Metal particles seen in a sample of biosolids from a municipality. (Image source: Heather Lowers, USGS Denver Microbeam Laboratory)

It might not smell like roses, but sewage could be a goldmine, according to scientists who say that solid waste has a wealth of metals that could be worth millions if they were harvested.

Dr. Kathleen Smith with the U.S. Geological Survey revealed gold, silver and rare elements like palladium can be extracted from treated waste.

"There are metals everywhere — in your hair care products, detergents, even nanoparticles that are put in socks to prevent bad odors," Smith said in a statement.

Metal particles seen in a sample of biosolids from a municipality. (Image source: Heather Lowers, USGS Denver Microbeam Laboratory)

Smith, a presenter at the 249th National Meeting & Exposition of the American Chemical Society, explained that wastewater treatment yields treated water and biosolids. With more than 7 million tons of biosolids produced in the U.S. each year, the purpose of Smith's research is twofold.

"In one part of the study, we are looking at removing some regulated metals from the biosolids that limit their use for land application," she said. "In the other part of the project, we're interested in collecting valuable metals that could be sold, including some of the more technologically important metals, such as vanadium and copper that are in cellphones, computers and alloys."

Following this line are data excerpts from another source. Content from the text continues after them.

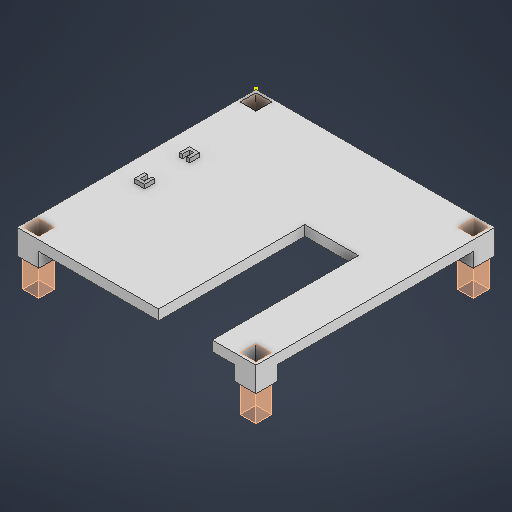
# Autodesk Inventor part: piano superiore
Saved by Autodesk Inventor 2026.2 (Build 302298000, 298)
## iProperties
Created: 2026-01-19
Part Number: piano superiore
Material: Generic
Document SubType Name: Modeling
Designer: ASUS
Density: 1 g/cm^3
Appearance: Default
Author: ASUS
Autodesk Inventor part; units mm, degrees
ref_plane "YZ Plane" through (0, 0, 0) normal (1, 0, 0) x (0, 1, 0)
ref_plane "XZ Plane" through (0, 0, 0) normal (0, 1, 0) x (-1, 0, 0)
ref_plane "XY Plane" through (0, 0, 0) normal (0, 0, 1) x (1, 0, 0)
sketch "Sketch1" plane through (0, 0, 0) normal (0, 1, 0) x (-1, 0, 0)
  line L0 (0, 0) -> (-165, 0)
  line L1 (-165, 0) -> (-165, 165)
  line L2 (-165, 165) -> (0, 165)
  line L3 (0, 165) -> (0, 0)
  line L4 (-165, 165) -> (-150, 165)
  line L5 (-165, 150) -> (-165, 165)
  line L6 (-163, 152) -> (-152, 152)
  line L7 (-152, 152) -> (-152, 163)
  line L8 (-152, 163) -> (-163, 163)
  line L9 (-163, 163) -> (-163, 152)
  line L10 (-2, 152) -> (-13, 152)
  line L11 (-13, 152) -> (-13, 163)
  line L12 (-13, 163) -> (-2, 163)
  line L13 (-2, 163) -> (-2, 152)
  line L14 (-163, 13) -> (-152, 13)
  line L15 (-152, 13) -> (-152, 2)
  line L16 (-152, 2) -> (-163, 2)
  line L17 (-163, 2) -> (-163, 13)
  line L18 (-2, 13) -> (-13, 13)
  line L19 (-13, 13) -> (-13, 2)
  line L20 (-13, 2) -> (-2, 2)
  line L21 (-2, 2) -> (-2, 13)
  line L22 (-150, 150) -> (-165, 150)
  line L23 (-165, 150) -> (-165, 165)
  line L24 (-165, 165) -> (-150, 165)
  line L25 (-150, 165) -> (-150, 150)
  line L26 (-150, 15) -> (-165, 15)
  line L27 (-165, 15) -> (-165, 0)
  line L28 (-165, 0) -> (-150, 0)
  line L29 (-150, 0) -> (-150, 15)
  line L30 (-15, 15) -> (0, 15)
  line L31 (0, 15) -> (0, 0)
  line L32 (0, 0) -> (-15, 0)
  line L33 (-15, 0) -> (-15, 15)
  line L34 (-15, 150) -> (0, 150)
  line L35 (0, 150) -> (0, 165)
  line L36 (0, 165) -> (-15, 165)
  line L37 (-15, 165) -> (-15, 150)
  line L38 (-165, 165) -> (-133.75, 165)
  line L39 (-133.75, 165) -> (-97.75, 165)
  line L40 (-97.75, 165) -> (-97.75, 64)
  line L41 (-97.75, 64) -> (-133.75, 64)
  line L42 (-133.75, 64) -> (-133.75, 165)
  point P0 (0, 15)
  dimension "d0" = 165
  dimension "d1" = 165
  dimension "d5" = 2
  dimension "d6" = 2
  dimension "d7" = 2
  dimension "d8" = 2
  dimension "d9" = 31.25
  dimension "d10" = 36
  dimension "d11" = 101
  constraints: 86 end point, 8 parallel, 4 perpendicular, 3 horizontal, 1 point on line, 13 other
  measures "d0" distance of L1.end L2.end
  measures "d1" distance of L0.end L1.end
  measures "d5" distance between parallel lines of L6 L22
  measures "d6" distance between parallel lines of L14 L26
  measures "d7" distance between parallel lines of L18 L30
  measures "d8" distance between parallel lines of L10 L34
  measures "d9" distance of L23.end L38.end
  measures "d10" distance of L40.end L41.end
  measures "d11" distance of L39.end L40.end
extrude "Extrusion1" add sketch "Sketch1" along normal blind 7 contours L0 L29 L26 L1 L22 L25 L2 L42 L41 L40 L37 L34 L3 L30 L33
sketch "Sketch2" plane through (0, 7, 0) normal (0, 1, 0) x (1, 0, 0)
  line L0 (15, -15) -> (0, -15) projected
  line L1 (15, -15) -> (0, -15)
  line L2 (0, -15) -> (0, 0)
  line L3 (0, 0) -> (15, 0)
  line L4 (15, 0) -> (15, -15)
  line L5 (150, -15) -> (150, 0) projected
  line L6 (150, -15) -> (165, -15)
  line L7 (165, -15) -> (165, 0)
  line L8 (165, 0) -> (150, 0)
  line L9 (150, 0) -> (150, -15)
  line L10 (150, -150) -> (165, -150) projected
  line L11 (150, -150) -> (165, -150)
  line L12 (165, -150) -> (165, -165)
  line L13 (165, -165) -> (150, -165)
  line L14 (150, -165) -> (150, -150)
  line L15 (15, -150) -> (0, -150)
  line L16 (0, -150) -> (0, -165)
  line L17 (0, -165) -> (15, -165)
  line L18 (15, -165) -> (15, -150)
  line L19 (2, -163) -> (2, -152)
  line L20 (2, -152) -> (13, -152)
  line L21 (13, -152) -> (13, -163)
  line L22 (13, -163) -> (2, -163)
  line L23 (2, -2) -> (2, -13)
  line L24 (2, -13) -> (13, -13)
  line L25 (13, -13) -> (13, -2)
  line L26 (13, -2) -> (2, -2)
  line L27 (163, -2) -> (163, -13)
  line L28 (163, -13) -> (152, -13)
  line L29 (152, -13) -> (152, -2)
  line L30 (152, -2) -> (163, -2)
  line L31 (163, -163) -> (163, -152)
  line L32 (163, -152) -> (152, -152)
  line L33 (152, -152) -> (152, -163)
  line L34 (152, -163) -> (163, -163)
  dimension "d14" = 15
  dimension "d15" = 15
  dimension "d16" = 15
  dimension "d17" = 15
  dimension "d18" = 15
  dimension "d19" = 15
  dimension "d20" = 15
  dimension "d21" = 15
  dimension "d22" = 2
  dimension "d23" = 2
  dimension "d24" = 2
  dimension "d25" = 2
  constraints: 64 end point, 16 parallel, 8 perpendicular, 4 horizontal, 2 point on line, 12 other
  measures "d14" distance of L2.end L3.end
  measures "d15" distance of L1.end L2.end
  measures "d16" distance of L8.end L7.end
  measures "d17" distance of L7.end L6.end
  measures "d18" distance of L12.end L13.end
  measures "d19" distance of L11.end L12.end
  measures "d20" distance of L17.end L16.end
  measures "d21" distance of L16.end L15.end
  measures "d22" distance between parallel lines of L16 L19
  measures "d23" distance between parallel lines of L2 L23
  measures "d24" distance between parallel lines of L7 L27
  measures "d25" distance between parallel lines of L12 L31
extrude "Extrusion2" add sketch "Sketch2" against normal blind 17
sketch "Sketch3" plane through (0, 7, 0) normal (0, 1, 0) x (1, 0, 0)
  point P0 (0, 0)
surface extrude "ExtrusionSrf1" sketch "Sketch2" against normal blind 37 shown yes curves L21 L22 L19 L20
surface extrude "ExtrusionSrf2" sketch "Sketch2" against normal blind 37 shown yes curves L27 L28 L29 L30
surface extrude "ExtrusionSrf3" sketch "Sketch2" against normal blind 37 shown yes curves L25 L26 L23 L24
surface extrude "ExtrusionSrf4" sketch "Sketch2" against normal blind 37 shown yes curves L31 L32 L33 L34
sketch "Sketch4" plane through (133.75, 0, 64) normal (-1, 0, 0) x (0, 0, 1)
  line L0 (0, 7) -> (101, 7) projected
  line L1 (101, 0) -> (101, 7) projected
  line L2 (0, 7) -> (101, 7)
  line L3 (101, 7) -> (101, 0)
  line L4 (101, 0) -> (0, 0)
  line L5 (0, 0) -> (0, 7)
  line L6 (0, 0) -> (0, 7) projected
  line L7 (0, 7) -> (101, 7)
  line L8 (101, 7) -> (101, 0)
  line L9 (101, 0) -> (0, 0)
  line L10 (0, 0) -> (0, 7)
  point P0 (-64, 0)
  constraints: 16 end point, 4 perpendicular, 2 horizontal, 2 parallel
extrude "Extrusion3" cut sketch "Sketch4" against normal blind 1
sketch "Sketch5" plane through (0, 7, 0) normal (0, 1, 0) x (1, 0, 0)
  line L0 (13, -2) -> (13, -13) projected
  line L1 (0, 0) -> (0, -165) projected
  line L2 (16, -67) -> (19, -67)
  line L3 (19, -67) -> (19, -62)
  line L4 (19, -62) -> (16, -62)
  line L5 (16, -62) -> (16, -67)
  line L6 (21, -60) -> (21, -67)
  line L7 (14, -67) -> (14, -60)
  line L8 (14, -60) -> (21, -60)
  line L9 (21, -67) -> (14, -67)
  line L10 (19, -90.9991) -> (19, -95.9991)
  line L11 (19, -95.9991) -> (16, -95.9991)
  line L12 (16, -95.9991) -> (16, -90.9995)
  line L13 (21, -97.9995) -> (21, -90.9991)
  line L14 (14, -90.9995) -> (14, -97.9995)
  line L15 (14, -97.9995) -> (21, -97.9995)
  line L16 (19, -90.9991) -> (19, -95.9991)
  line L17 (16, -95.9991) -> (16, -90.9995)
  line L18 (14, -90.9995) -> (14, -97.9995)
  line L19 (21, -97.9995) -> (21, -90.9991)
  line L20 (19, -67) -> (21, -67)
  line L21 (21, -60) -> (14, -60)
  line L22 (14, -67) -> (16, -67)
  line L23 (16, -62) -> (19, -62)
  line L24 (19, -90.9991) -> (21, -90.9991)
  line L25 (16, -90.9995) -> (14, -90.9995)
  line L26 (14, -97.9995) -> (16, -97.9995)
  line L27 (16, -97.9995) -> (16, -90.9995)
  line L28 (16, -90.9995) -> (14, -90.9995)
  line L29 (14, -90.9995) -> (14, -97.9995)
  line L30 (16, -97.9995) -> (21, -97.9995)
  line L31 (21, -97.9995) -> (21, -95.9991)
  line L32 (21, -95.9991) -> (16, -95.9991)
  line L33 (16, -95.9991) -> (16, -97.9995)
  line L34 (21, -90.9991) -> (19, -90.9991)
  line L35 (19, -90.9991) -> (19, -95.9991)
  line L36 (19, -95.9991) -> (21, -95.9991)
  line L37 (21, -95.9991) -> (21, -90.9991)
  line L38 (19, -67) -> (21, -67)
  line L39 (21, -67) -> (21, -60)
  line L40 (21, -60) -> (19, -60)
  line L41 (19, -60) -> (19, -67)
  line L42 (19, -60) -> (14, -60)
  line L43 (14, -60) -> (14, -62)
  line L44 (14, -62) -> (19, -62)
  line L45 (19, -62) -> (19, -60)
  line L46 (16, -62) -> (14, -62)
  line L47 (14, -62) -> (14, -67)
  line L48 (14, -67) -> (16, -67)
  line L49 (16, -67) -> (16, -62)
  dimension "d42" = 3
  dimension "d43" = 5
  dimension "d44" = 2
  constraints: 96 end point, 15 parallel, 10 horizontal, 9 perpendicular, 6 collinear, 3 point on line
  measures "d42" distance of L4.end L3.end
  measures "d43" distance of L3.end L2.end
  measures "d44" distance between parallel lines of L3 L6
extrude "Extrusion4" add sketch "Sketch5" along normal blind 2.7 contours L9 L7 L44 L5 | L3 L41 L8 L6 L9 | L44 L7 L8 L41 L4 | L24 L13 L32 L10 | L32 L13 L15 L27 L11 | L27 L15 L14 L25 L12
body "Solid1"
body "Srf1"
body "Srf2"
body "Srf3"
body "Srf4"

One of the methods they're trying to achieve this latter goal is using leachates, a type of chemical, to pull the metal from the biosolid waste, a news release about the research explained. Using this technique in a controlled setting, Smith's team found gold "at the level of a minimal mineral deposit," which means that it if were found in rock, it could be mined commercially.

"The economic and technical feasibility of metal recovery from biosolids needs to be evaluated on a case-by-case basis," Smith said though.

Another group researching the topic published a study earlier this year that valued the waste from 1 million Americans as containing up to $13 million in metals. Discover Magazine pointed out that a wastewater treatment plant in Japan is already extracting more gold from its sewage than the top gold mine in the country.